WHAT YOU HAVE TO DO :: Give again, word for word, each line below starting at the one that contains "- J17 pad 1: (no net) -> +24V" and ending at the one that contains "- J15, J16, J17, J20, J21, J22, J23, J24, J25: footprint".

DATA RECORDS Block Start

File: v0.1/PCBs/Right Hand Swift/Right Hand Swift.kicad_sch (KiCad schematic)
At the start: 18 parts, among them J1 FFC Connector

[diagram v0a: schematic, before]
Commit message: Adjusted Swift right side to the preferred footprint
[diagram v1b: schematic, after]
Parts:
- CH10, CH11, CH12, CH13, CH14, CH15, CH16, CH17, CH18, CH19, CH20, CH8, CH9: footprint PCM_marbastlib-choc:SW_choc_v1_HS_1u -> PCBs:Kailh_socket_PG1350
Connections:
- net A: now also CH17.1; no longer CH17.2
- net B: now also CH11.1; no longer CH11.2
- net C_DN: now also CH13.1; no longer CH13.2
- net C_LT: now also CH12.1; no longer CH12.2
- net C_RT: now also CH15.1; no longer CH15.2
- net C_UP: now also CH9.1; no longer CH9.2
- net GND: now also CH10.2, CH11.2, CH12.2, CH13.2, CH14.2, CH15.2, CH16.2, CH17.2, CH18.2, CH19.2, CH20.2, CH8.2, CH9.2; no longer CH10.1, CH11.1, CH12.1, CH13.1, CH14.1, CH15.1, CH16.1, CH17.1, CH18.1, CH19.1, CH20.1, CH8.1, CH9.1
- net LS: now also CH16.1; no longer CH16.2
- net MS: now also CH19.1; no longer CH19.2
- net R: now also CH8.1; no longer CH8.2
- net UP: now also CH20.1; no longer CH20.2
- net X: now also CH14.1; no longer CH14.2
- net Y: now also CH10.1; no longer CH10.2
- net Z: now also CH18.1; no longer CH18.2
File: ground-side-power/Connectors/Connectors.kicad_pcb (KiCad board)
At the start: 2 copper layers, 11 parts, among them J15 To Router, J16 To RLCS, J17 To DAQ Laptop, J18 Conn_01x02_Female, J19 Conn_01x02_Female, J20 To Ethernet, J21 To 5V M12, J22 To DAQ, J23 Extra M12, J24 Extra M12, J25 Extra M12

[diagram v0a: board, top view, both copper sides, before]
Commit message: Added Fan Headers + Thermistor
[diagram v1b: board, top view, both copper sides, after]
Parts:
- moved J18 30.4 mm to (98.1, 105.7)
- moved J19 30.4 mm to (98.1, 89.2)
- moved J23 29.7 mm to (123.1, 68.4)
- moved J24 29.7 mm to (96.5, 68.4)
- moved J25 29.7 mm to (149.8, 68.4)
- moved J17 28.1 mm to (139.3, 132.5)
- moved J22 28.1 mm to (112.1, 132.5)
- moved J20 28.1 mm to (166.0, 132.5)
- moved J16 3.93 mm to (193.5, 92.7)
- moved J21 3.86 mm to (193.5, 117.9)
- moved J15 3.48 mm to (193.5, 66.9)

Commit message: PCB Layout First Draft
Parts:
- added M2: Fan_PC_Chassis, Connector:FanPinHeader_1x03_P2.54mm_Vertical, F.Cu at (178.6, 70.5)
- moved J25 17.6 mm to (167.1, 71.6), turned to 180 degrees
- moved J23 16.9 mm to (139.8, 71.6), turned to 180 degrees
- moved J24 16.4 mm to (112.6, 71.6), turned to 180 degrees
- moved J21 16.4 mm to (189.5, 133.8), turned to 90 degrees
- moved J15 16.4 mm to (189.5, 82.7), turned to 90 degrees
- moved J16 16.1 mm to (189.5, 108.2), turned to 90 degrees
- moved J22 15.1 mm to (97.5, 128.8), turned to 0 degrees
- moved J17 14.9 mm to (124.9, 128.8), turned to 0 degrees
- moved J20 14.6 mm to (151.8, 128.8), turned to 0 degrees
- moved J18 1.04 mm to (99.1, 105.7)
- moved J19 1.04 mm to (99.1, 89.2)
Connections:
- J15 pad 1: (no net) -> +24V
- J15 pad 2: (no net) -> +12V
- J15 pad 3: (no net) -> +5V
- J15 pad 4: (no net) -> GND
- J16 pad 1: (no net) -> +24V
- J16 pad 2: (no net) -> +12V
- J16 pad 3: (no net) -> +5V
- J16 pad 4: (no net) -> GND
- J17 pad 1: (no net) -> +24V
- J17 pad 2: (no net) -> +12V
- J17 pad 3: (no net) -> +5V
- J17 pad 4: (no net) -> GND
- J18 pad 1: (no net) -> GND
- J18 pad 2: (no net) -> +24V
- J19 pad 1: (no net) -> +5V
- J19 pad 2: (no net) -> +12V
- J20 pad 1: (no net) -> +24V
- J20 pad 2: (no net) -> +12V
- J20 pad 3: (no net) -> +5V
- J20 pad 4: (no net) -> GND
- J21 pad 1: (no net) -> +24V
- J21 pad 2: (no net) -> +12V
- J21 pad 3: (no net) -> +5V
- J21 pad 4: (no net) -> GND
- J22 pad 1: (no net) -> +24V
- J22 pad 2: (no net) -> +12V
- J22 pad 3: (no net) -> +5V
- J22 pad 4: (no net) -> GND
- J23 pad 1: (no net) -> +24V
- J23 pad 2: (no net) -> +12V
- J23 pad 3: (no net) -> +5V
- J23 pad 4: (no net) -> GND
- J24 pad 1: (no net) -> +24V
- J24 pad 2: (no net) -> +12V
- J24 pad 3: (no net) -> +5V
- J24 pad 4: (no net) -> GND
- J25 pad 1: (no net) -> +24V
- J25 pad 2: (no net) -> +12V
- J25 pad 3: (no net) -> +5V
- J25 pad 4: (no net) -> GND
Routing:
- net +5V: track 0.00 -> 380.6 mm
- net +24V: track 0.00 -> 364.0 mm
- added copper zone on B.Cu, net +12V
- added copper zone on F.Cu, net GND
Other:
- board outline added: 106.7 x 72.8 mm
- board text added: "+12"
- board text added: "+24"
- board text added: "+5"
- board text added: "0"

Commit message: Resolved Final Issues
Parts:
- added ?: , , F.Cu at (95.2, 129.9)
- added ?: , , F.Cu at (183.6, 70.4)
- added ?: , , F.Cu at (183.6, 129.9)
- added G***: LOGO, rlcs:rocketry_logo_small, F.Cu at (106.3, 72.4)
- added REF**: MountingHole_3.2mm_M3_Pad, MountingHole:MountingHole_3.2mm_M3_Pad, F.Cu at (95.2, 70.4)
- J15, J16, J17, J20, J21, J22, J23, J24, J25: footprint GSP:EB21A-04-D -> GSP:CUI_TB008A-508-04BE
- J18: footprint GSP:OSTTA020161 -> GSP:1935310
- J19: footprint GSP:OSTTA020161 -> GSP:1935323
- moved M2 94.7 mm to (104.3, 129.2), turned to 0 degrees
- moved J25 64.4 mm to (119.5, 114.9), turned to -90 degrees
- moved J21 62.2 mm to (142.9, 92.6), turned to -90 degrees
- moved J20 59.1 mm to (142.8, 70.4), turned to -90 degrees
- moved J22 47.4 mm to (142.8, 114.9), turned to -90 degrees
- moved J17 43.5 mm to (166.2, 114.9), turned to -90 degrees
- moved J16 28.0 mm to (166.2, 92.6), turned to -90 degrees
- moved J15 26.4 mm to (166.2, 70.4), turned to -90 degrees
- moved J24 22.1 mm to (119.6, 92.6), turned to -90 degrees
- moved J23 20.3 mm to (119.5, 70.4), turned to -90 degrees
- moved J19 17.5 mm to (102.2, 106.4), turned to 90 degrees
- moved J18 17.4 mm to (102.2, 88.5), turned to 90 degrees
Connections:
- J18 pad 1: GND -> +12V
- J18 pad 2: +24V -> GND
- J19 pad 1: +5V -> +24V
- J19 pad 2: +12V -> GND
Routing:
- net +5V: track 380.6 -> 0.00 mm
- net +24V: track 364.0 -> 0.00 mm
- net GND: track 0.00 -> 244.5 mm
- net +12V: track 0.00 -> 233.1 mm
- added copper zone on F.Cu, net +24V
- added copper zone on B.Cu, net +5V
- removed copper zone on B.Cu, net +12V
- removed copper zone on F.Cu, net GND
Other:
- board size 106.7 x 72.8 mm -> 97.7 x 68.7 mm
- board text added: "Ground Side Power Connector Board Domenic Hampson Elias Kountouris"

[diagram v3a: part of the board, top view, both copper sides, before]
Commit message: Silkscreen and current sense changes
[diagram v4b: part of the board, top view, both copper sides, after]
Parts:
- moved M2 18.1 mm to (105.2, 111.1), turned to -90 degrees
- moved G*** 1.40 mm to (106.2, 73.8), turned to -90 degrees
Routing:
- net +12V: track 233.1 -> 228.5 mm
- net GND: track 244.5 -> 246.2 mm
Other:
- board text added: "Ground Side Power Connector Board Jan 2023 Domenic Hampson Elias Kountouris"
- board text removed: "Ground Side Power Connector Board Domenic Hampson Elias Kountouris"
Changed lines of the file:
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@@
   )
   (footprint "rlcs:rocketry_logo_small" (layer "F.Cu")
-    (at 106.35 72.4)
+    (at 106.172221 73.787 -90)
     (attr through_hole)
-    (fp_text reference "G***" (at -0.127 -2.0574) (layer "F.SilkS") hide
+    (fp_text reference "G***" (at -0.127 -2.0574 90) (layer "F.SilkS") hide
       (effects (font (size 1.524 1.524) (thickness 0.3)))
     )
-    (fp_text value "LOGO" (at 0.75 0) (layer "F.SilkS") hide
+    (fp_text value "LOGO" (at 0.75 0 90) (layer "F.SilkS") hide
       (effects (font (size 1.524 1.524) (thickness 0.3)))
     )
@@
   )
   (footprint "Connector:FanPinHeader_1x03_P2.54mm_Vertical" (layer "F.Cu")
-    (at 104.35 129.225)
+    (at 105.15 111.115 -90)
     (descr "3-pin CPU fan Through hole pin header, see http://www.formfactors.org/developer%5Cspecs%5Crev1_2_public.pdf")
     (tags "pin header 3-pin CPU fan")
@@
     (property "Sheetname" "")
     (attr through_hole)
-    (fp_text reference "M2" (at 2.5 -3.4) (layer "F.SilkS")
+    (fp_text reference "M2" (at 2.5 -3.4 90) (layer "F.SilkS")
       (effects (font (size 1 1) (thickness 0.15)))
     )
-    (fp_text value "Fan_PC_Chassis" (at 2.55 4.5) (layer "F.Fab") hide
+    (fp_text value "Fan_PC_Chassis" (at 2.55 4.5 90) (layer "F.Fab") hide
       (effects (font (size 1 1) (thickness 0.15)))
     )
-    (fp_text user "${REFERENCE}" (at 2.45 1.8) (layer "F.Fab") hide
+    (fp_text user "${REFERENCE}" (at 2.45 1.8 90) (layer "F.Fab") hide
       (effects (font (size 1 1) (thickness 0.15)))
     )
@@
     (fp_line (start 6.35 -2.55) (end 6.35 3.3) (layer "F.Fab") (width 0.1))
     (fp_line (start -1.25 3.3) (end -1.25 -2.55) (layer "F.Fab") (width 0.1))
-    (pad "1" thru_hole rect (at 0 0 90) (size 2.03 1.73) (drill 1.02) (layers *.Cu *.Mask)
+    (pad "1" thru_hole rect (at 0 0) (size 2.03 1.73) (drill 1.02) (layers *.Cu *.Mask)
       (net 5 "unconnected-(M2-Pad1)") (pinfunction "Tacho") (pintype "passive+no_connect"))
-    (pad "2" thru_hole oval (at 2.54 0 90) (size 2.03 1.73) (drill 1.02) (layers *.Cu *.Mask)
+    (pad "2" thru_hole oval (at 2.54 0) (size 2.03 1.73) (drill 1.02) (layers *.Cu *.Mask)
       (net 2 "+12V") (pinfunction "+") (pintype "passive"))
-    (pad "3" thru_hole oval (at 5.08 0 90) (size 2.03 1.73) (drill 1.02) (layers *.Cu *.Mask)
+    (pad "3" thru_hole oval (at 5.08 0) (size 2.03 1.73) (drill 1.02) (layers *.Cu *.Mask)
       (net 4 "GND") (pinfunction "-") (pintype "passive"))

DATA RECORDS Block End

RESPONSE ::
- J17 pad 1: (no net) -> +24V
- J17 pad 2: (no net) -> +12V
- J17 pad 3: (no net) -> +5V
- J17 pad 4: (no net) -> GND
- J18 pad 1: (no net) -> GND
- J18 pad 2: (no net) -> +24V
- J19 pad 1: (no net) -> +5V
- J19 pad 2: (no net) -> +12V
- J20 pad 1: (no net) -> +24V
- J20 pad 2: (no net) -> +12V
- J20 pad 3: (no net) -> +5V
- J20 pad 4: (no net) -> GND
- J21 pad 1: (no net) -> +24V
- J21 pad 2: (no net) -> +12V
- J21 pad 3: (no net) -> +5V
- J21 pad 4: (no net) -> GND
- J22 pad 1: (no net) -> +24V
- J22 pad 2: (no net) -> +12V
- J22 pad 3: (no net) -> +5V
- J22 pad 4: (no net) -> GND
- J23 pad 1: (no net) -> +24V
- J23 pad 2: (no net) -> +12V
- J23 pad 3: (no net) -> +5V
- J23 pad 4: (no net) -> GND
- J24 pad 1: (no net) -> +24V
- J24 pad 2: (no net) -> +12V
- J24 pad 3: (no net) -> +5V
- J24 pad 4: (no net) -> GND
- J25 pad 1: (no net) -> +24V
- J25 pad 2: (no net) -> +12V
- J25 pad 3: (no net) -> +5V
- J25 pad 4: (no net) -> GND
Routing:
- net +5V: track 0.00 -> 380.6 mm
- net +24V: track 0.00 -> 364.0 mm
- added copper zone on B.Cu, net +12V
- added copper zone on F.Cu, net GND
Other:
- board outline added: 106.7 x 72.8 mm
- board text added: "+12"
- board text added: "+24"
- board text added: "+5"
- board text added: "0"

Commit message: Resolved Final Issues
Parts:
- added ?: , , F.Cu at (95.2, 129.9)
- added ?: , , F.Cu at (183.6, 70.4)
- added ?: , , F.Cu at (183.6, 129.9)
- added G***: LOGO, rlcs:rocketry_logo_small, F.Cu at (106.3, 72.4)
- added REF**: MountingHole_3.2mm_M3_Pad, MountingHole:MountingHole_3.2mm_M3_Pad, F.Cu at (95.2, 70.4)
- J15, J16, J17, J20, J21, J22, J23, J24, J25: footprint GSP:EB21A-04-D -> GSP:CUI_TB008A-508-04BE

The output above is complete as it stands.